Wegen der Wohnungsnot: Pfuusbus gefragt wie nie
Aktualisiert

Wegen der Wohnungsnot: Pfuusbus gefragt wie nie

Die Wohnungs-
not wirkt sich auf
den Pfuusbus von
Pfarrer Ernst Sieber aus:
So viele wie noch nie
übernachteten diesen
Winter im umgebauten
Sattelschlepper.

von
Regina Ryser

2520 Personen übernachteten dieses Jahr im Pfuusbus auf einem Parkplatz am Fusse des Üetlibergs. Dies sind 700 mehr als im Vorjahr, wie Pfarrer Ernst Sieber gestern informierte. «Die Zunahme hat mit der Wohnungsnot in Zürich zu tun», ist er überzeugt. Günstiger Wohnraum für Arme sei Mangelware. Deshalb übernachteten im Winterhalbjahr laut Sieber rund 200 bis 250 Personen im Pfuusbus, die sich zwar eine Wohnung leisten könnten, aber keine fanden. Sozialwohnungen kämen für viele nicht in Frage. Sieber: «Sie sind zu stolz, eine Sozialwohnung zu beantragen. Vorher schlafen sie in unserem Bus.» Ausserdem seien auch Sozialwohnungen schwer zu bekommen.

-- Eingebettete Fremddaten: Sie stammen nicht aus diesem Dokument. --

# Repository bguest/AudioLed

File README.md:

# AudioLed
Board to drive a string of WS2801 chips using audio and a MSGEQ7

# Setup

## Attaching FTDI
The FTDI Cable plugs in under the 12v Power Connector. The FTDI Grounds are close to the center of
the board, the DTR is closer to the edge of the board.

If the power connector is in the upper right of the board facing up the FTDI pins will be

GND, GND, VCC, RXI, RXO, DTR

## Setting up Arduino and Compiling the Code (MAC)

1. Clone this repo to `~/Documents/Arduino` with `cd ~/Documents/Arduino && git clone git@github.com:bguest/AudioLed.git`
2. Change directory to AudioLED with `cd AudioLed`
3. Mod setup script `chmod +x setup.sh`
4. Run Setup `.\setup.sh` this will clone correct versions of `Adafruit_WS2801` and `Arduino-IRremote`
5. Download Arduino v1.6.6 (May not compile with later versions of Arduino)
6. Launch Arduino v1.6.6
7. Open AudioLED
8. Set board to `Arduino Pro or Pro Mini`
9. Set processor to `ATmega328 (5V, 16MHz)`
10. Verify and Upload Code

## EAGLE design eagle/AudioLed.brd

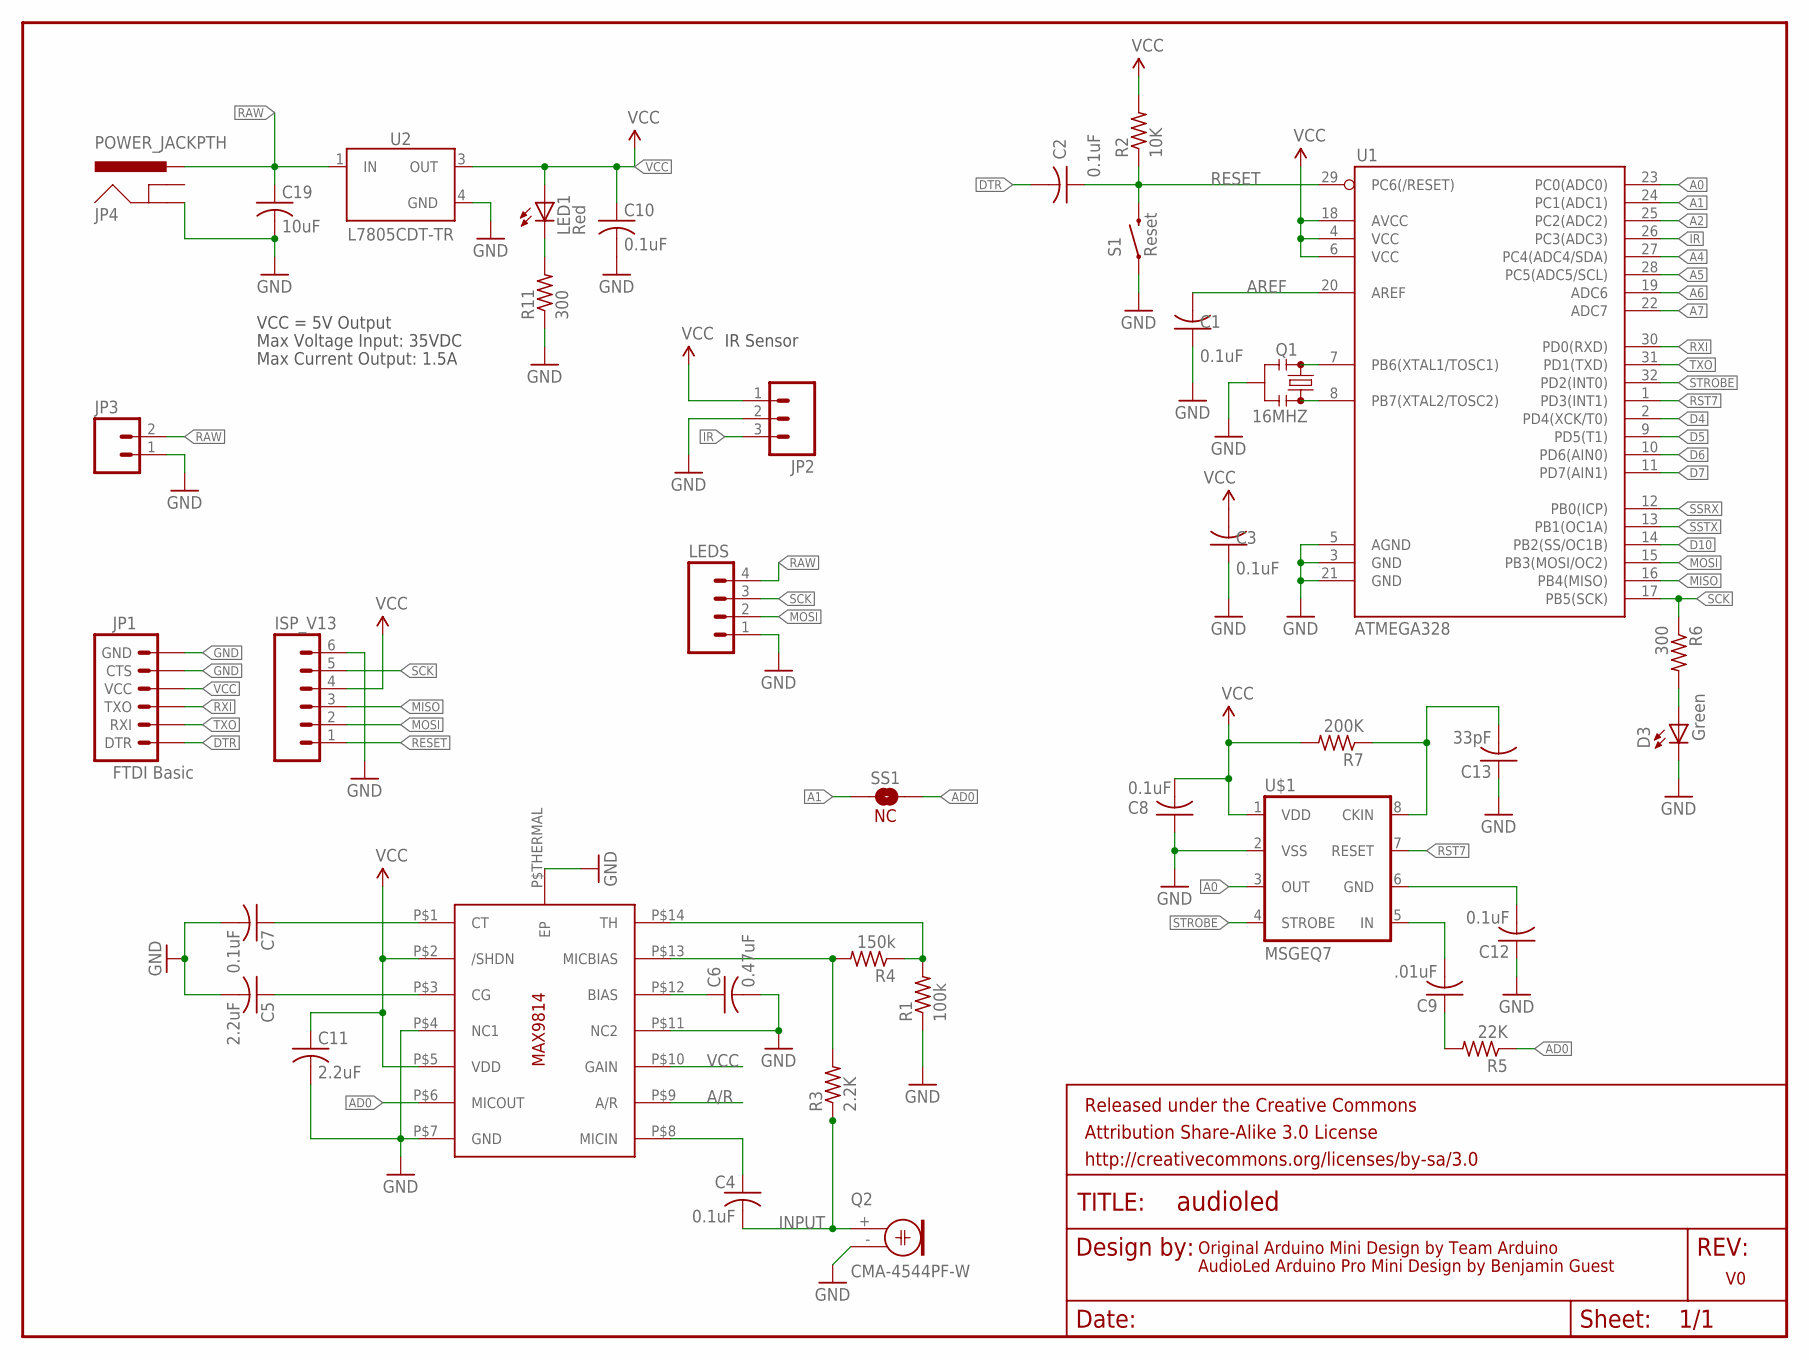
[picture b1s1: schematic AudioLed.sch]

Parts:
C1, C2, C3, C8, C10, C12: 0.1uF; C0805
C4, C7: 0.1uF; C0805K
C5, C11: 2.2uF; C0805K
C6: 0.47uF; C0805K
C9: .01uF; C0805
C13: 33pF; C0805
C19: 10uF; C0805
D3: Green; CHIPLED_0805
FRAME1: FRAME-LETTER; CREATIVE_COMMONS
ISP_V13: M06SIP; 1X06
JP1: FTDI Basic; 1X06
JP2: M03JST-PTH; JST-3-PTH
JP3: M02JST-PTH-2; JST-2-PTH
JP4: POWER_JACKPTH; POWER_JACK_PTH
LED1: Red; CHIPLED_0805
LEDS: M04JST-PTH; JST-4-PTH
Q1: 16MHZ; RESONATOR-SMD
Q2: CMA-4544PF-W; 9.7ELECTRET
R1: 100k; R0805
R2: 10K; M0805
R3: 2.2K; R0805
R4: 150k; R0805
R5: 22K; M0805
R6, R11: 300; M0805
R7: 200K; M0805
S1: Reset; TACTILE-SWITCH-SMD-ALT01
SS1: NC; SJ_2S
U1: ATMEGA328; TQFP32-08
U2: L7805CDT-TR; DPAK
U4: MAX9814TDFN14; TDFN14_3X3MM
U$1: MSGEQ7; DIL08-ROUND

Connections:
A0: U1.23 (PC0(ADC0)), U$1.3 (OUT)
A1: SS1.1, U1.24 (PC1(ADC1))
A2: U1.25 (PC2(ADC2))
A4: U1.27 (PC4(ADC4/SDA))
A5: U1.28 (PC5(ADC5/SCL))
A6: U1.19 (ADC6)
A7: U1.22 (ADC7)
A/R: U4.P$9 (A/R)
AD0: R5.1, SS1.2, U4.P$6 (MICOUT)
AREF: C1.2, U1.20 (AREF)
D4: U1.2 (PD4(XCK/T0))
D5: U1.9 (PD5(T1))
D6: U1.10 (PD6(AIN0))
D7: U1.11 (PD7(AIN1))
D10: U1.14 (PB2(SS/OC1B))
DTR: C2.2, JP1.1 (DTR)
GND: C1.1, C3.1, C5.2, C6.2, C7.2, C8.1, C10.2, C11.2, C12.1, C13.1, C19.2, D3.C, ISP_V13.6, JP1.5 (CTS), JP1.6 (GND), JP2.2, JP3.1, JP4.GND, LEDS.1, Q1.2, Q2.- (1), R1.1, R11.1, S1.1, S1.2 (1), U1.3 (GND), U1.5 (AGND), U1.21 (GND), U2.4 (GND), U4.P$4 (NC1), U4.P$7 (GND), U4.P$11 (NC2), U4.P$THERMAL (EP), U$1.2 (VSS)
INPUT: C4.2, Q2.+ (2), R3.1
IR: JP2.3, U1.26 (PC3(ADC3))
MISO: ISP_V13.3, U1.16 (PB4(MISO))
MOSI: ISP_V13.2, LEDS.2, U1.15 (PB3(MOSI/OC2))
unnamed: Q1.3, U1.8 (PB7(XTAL2/TOSC2))
unnamed: Q1.1, U1.7 (PB6(XTAL1/TOSC1))
unnamed: C6.1, U4.P$12 (BIAS)
unnamed: LED1.C, R11.2
unnamed: C4.1, U4.P$8 (MICIN)
unnamed: C9.1, R5.2
unnamed: D3.A, R6.2
unnamed: C7.1, U4.P$1 (CT)
unnamed: C5.1, U4.P$3 (CG)
unnamed: R1.2, R4.1, U4.P$14 (TH)
unnamed: R3.2, R4.2, U4.P$13 (MICBIAS)
unnamed: C9.2, U$1.5 (IN)
unnamed: C12.2, U$1.6 (GND)
unnamed: C13.2, R7.1, U$1.8 (CKIN)
RAW: C19.1, JP3.2, JP4.PWR, LEDS.4, U2.1 (IN)
RESET: C2.1, ISP_V13.1, R2.1, S1.3 (2), S1.4 (2), U1.29 (PC6(/RESET))
RST7: U1.1 (PD3(INT1)), U$1.7 (RESET)
RXI: JP1.3 (TXO), U1.30 (PD0(RXD))
SCK: ISP_V13.5, LEDS.3, R6.1, U1.17 (PB5(SCK))
SSRX: U1.12 (PB0(ICP))
SSTX: U1.13 (PB1(OC1A))
STROBE: U1.32 (PD2(INT0)), U$1.4 (STROBE)
TXO: JP1.2 (RXI), U1.31 (PD1(TXD))
VCC: C3.2, C8.2, C10.1, C11.1, ISP_V13.4, JP1.4 (VCC), JP2.1, LED1.A, R2.2, R7.2, U1.4 (VCC), U1.6 (VCC), U1.18 (AVCC), U2.3 (OUT), U4.P$2 (/SHDN), U4.P$5 (VDD), U4.P$10 (GAIN), U$1.1 (VDD)

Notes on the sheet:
Original Arduino Mini Design by Team Arduino
AudioLed Arduino Pro Mini Design by Benjamin Guest
Max Voltage Input: 35VDC
Max Current Output: 1.5A
VCC = 5V Output
IR Sensor

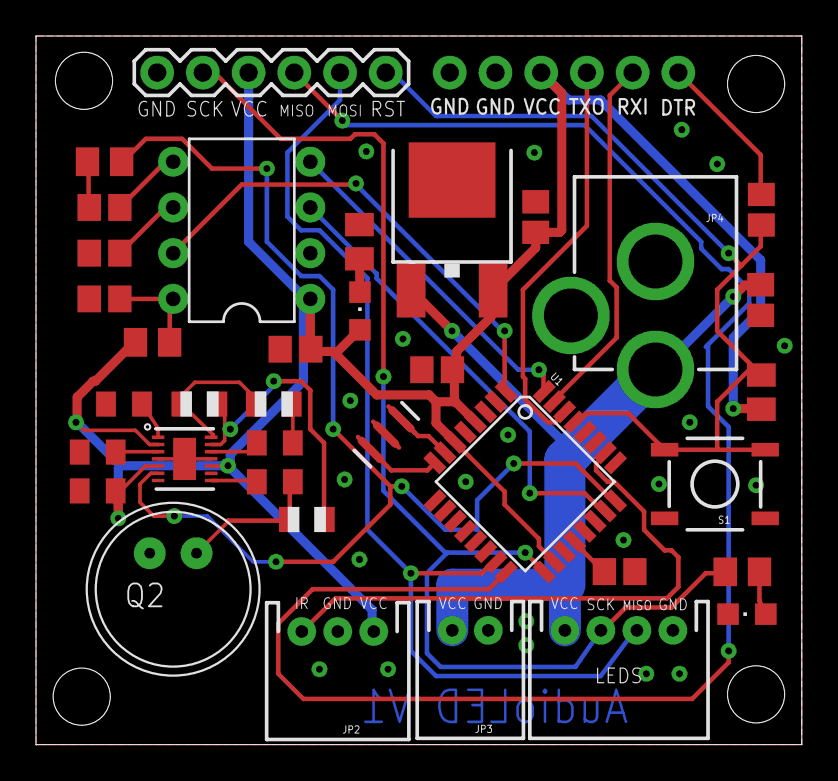
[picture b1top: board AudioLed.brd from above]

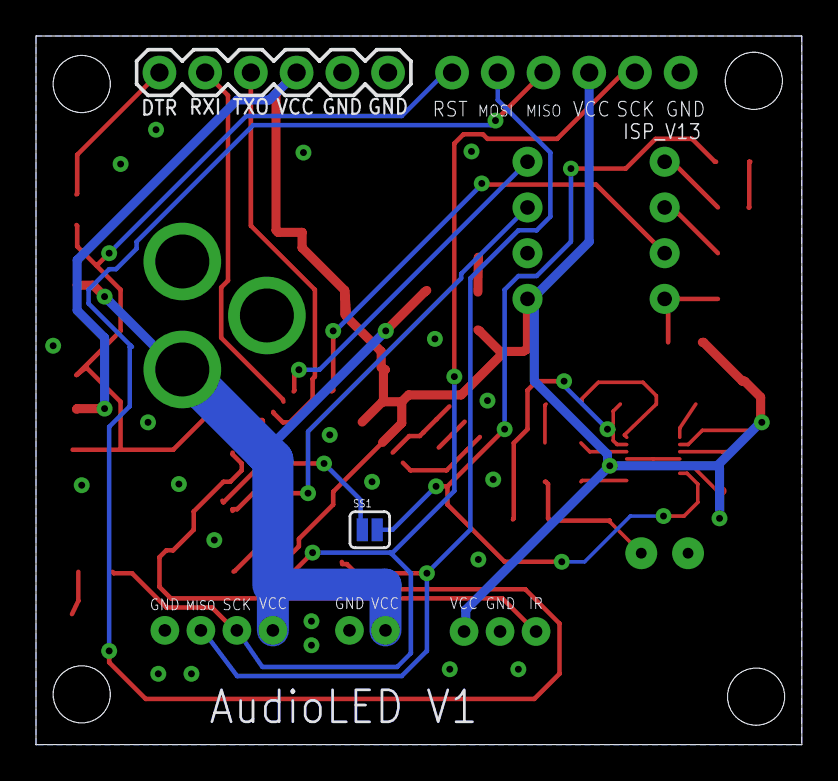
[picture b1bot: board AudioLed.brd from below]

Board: 2 copper layers, 42.5 x 39.4 mm, 39 parts (2 on the bottom side), 32 nets.

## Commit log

2016-01-05 Board
2016-01-05 Fix Incorrectly Labled Capacitor
2016-01-06 Add Dimensions
2016-01-25 Move trace slightly
2016-01-25 Replace bad resonator with SparkFun Resonator
2016-02-14 WIP: Add Code
2016-02-14 Add Sound
2016-02-15 Add Spectrum0
2016-02-16 Add Wander
2016-02-18 Add Tempo and IR
2016-02-19 Add Wave Equation
2016-02-19 Add Hue array, fix tempo button
2016-02-20 Move Remote to its own class (untested)
2016-02-21 Add Influence (untested)
2016-02-21 Add Cnter Pulse (untested)
2016-02-22 Fixes to untested
2016-02-23 Switch to hsv calculations add drizly color switch
2016-02-23 change wave boundary to neuman
2016-02-24 Add Pixel Direction
2016-02-25 Sound Collect
2016-02-25 Switch to RollOff
2016-02-25 Improvements to TwoColor
2016-03-01 Add Visual For Current Push Layer
2016-03-03 TimeDomain
2016-03-03 Tweaks
2016-03-04 Add Configurations
2016-03-11 Add Serveral new configs
2016-03-15 Add ParticleSystem
2016-03-19 Add Down Force to wave
2016-03-21 Add CellularAutomata and things
2016-04-04 Add Second Remote, Add Configs
2016-04-10 Add Strobe Effect
2016-04-10 New TwoColor input inprovements
2016-04-11 Add CenterSquare
2016-04-11 'Fix' CenterSquare
2016-04-15 Move things around
2016-04-16 Bump Board Version to V1
2016-04-19 Add USE_RAW_VOLUME
2016-04-20 Improvements to CenterSquare
2016-04-20 Simplification?
2016-04-22 Add Bubbles
2016-04-24 Fix Remote
2016-04-29 Notes
2016-07-21 Change default to center wave
2016-09-17 Splotches: WIP
2016-10-25 Add setup.sh and setup instructions
2016-10-27 Small Tweeks
2016-11-07 Add Solid Color Config
2017-01-27 Update to use with 1.8.1, add ablity to move center pulse

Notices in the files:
parts and their libraries:
SparkFun-Aesthetics: Licensing: CC v3.0 Share-Alike You are welcome to use this library for commercial purposes.
SparkFun-Aesthetics: Released under the Creative Commons Attribution Share-Alike 3.0 License
SparkFun-Aesthetics: http://creativecommons.org/licenses/by-sa/3.0

Dass günstige Wohnungen in der Stadt rar sind, bestätigt auch Walter Angst, Sprecher des Zürcher Mieterverbands. Von den rund 204000 Wohnungen in Zürich (Stand Ende 2006) sind rund 36000 preiswerte Genossenschaftswohnungen. «Sie sind jedoch äusserst selten frei. Und wenn doch, gehen sie unter der Hand weg.»

Sandwiches für den Pfuusbus

Bisher hat Elvetino nicht verkaufte Sandwiches und Gipfeli aus dem Railbarservice weggeworfen. Nun hat die Firma eine bessere Lösung gefunden: Seit Ende Januar schenkt Elvetino die Sandwiches den Bewohnern des Pfuusbusses. So kommen täglich bis zu 50 Brötchen zusammen. Ebenfalls seit diesem Winter können sich die Obdachlosen im Pfuusbus von Mitarbeitern der Médecins Sans Frontières ärztlich behandeln lassen.